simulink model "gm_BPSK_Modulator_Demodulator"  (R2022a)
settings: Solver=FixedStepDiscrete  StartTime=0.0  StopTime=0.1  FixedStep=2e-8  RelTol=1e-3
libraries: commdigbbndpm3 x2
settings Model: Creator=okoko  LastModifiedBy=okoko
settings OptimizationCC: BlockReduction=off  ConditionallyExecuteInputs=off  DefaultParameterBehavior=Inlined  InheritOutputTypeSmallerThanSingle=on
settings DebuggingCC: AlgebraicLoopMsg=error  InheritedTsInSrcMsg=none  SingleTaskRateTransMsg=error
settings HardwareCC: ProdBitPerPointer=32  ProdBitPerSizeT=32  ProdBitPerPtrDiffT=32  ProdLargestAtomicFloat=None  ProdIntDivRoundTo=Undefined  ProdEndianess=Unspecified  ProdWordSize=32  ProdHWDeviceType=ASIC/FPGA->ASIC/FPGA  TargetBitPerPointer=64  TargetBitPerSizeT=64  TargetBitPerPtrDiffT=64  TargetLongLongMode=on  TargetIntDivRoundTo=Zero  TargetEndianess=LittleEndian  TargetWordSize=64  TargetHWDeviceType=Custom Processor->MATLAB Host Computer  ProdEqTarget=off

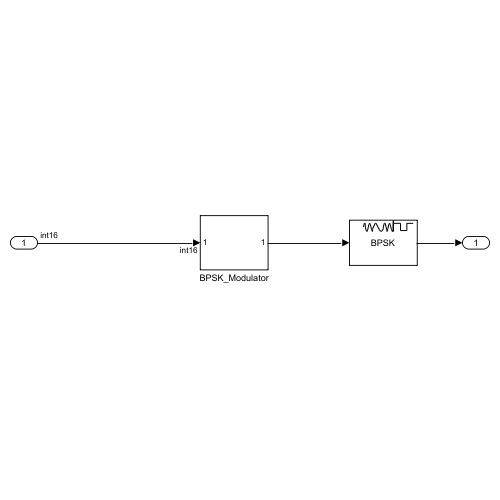
[thumbnail: Simulink's stored preview of the top-level diagram]
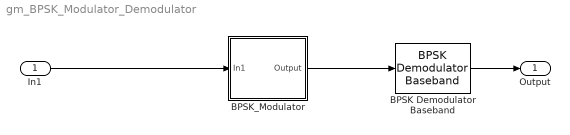
== system gm_BPSK_Modulator_Demodulator ==
  In1 : Inport  OutMin=-32768  OutMax=32767  OutDataTypeStr=int16  PortDimensions=1  SampleTime=2e-08
  BPSK Demodulator Baseband : commdigbbndpm3/BPSK Demodulator Baseband  DecType=Hard decision  VarSource=Dialog  Variance=1  Ph=0  outDtype=int16  derotateFactorWordLen=16  derotateFactorDataTypeStr=Inherit: Same word length as input  derotateFactorLastDataTypeStr=Inherit: Same word length as input
  BPSK_Modulator : Subsystem
  Output : Outport  SampleTime=2e-08
  wires:
  In1/1 -> BPSK_Modulator/1(In1)
  BPSK Demodulator Baseband/1 -> Output/1
  BPSK_Modulator/1(Output) -> BPSK Demodulator Baseband/1

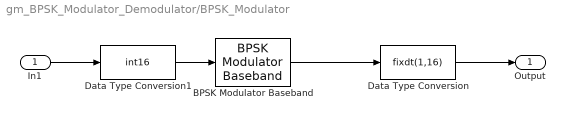
== system gm_BPSK_Modulator_Demodulator/BPSK_Modulator ==
  In1 : Inport  OutMin=-32768  OutMax=32767  OutDataTypeStr=int16  PortDimensions=1  SampleTime=2e-08
  BPSK Modulator Baseband : commdigbbndpm3/BPSK Modulator Baseband  Ph=0  outDtype=Fixed-point  outWordLen=16  outUDDataType=sfix(16)  outFracLenMode=Best precision  outFracLen=0  outDataTypeStr=fixdt(1,16)  outLastDataTypeStr=fixdt(1,16)
  Data Type Conversion : DataTypeConversion  OutMin=-32768  OutMax=32767  OutDataTypeStr=fixdt(1,16)  SaturateOnIntegerOverflow=off  RndMeth=Floor
  Data Type Conversion1 : DataTypeConversion  OutMin=-32768  OutMax=32767  OutDataTypeStr=int16  RndMeth=Nearest  SaturateOnIntegerOverflow=off
  Output : Outport  SampleTime=2e-08
  wires:
  In1/1 -> Data Type Conversion1/1
  BPSK Modulator Baseband/1 -> Data Type Conversion/1
  Data Type Conversion/1 -> Output/1
  Data Type Conversion1/1 -> BPSK Modulator Baseband/1

---*---

Among the lines above, count those containing the string "DataTypeConversion"; please give the count alone.

2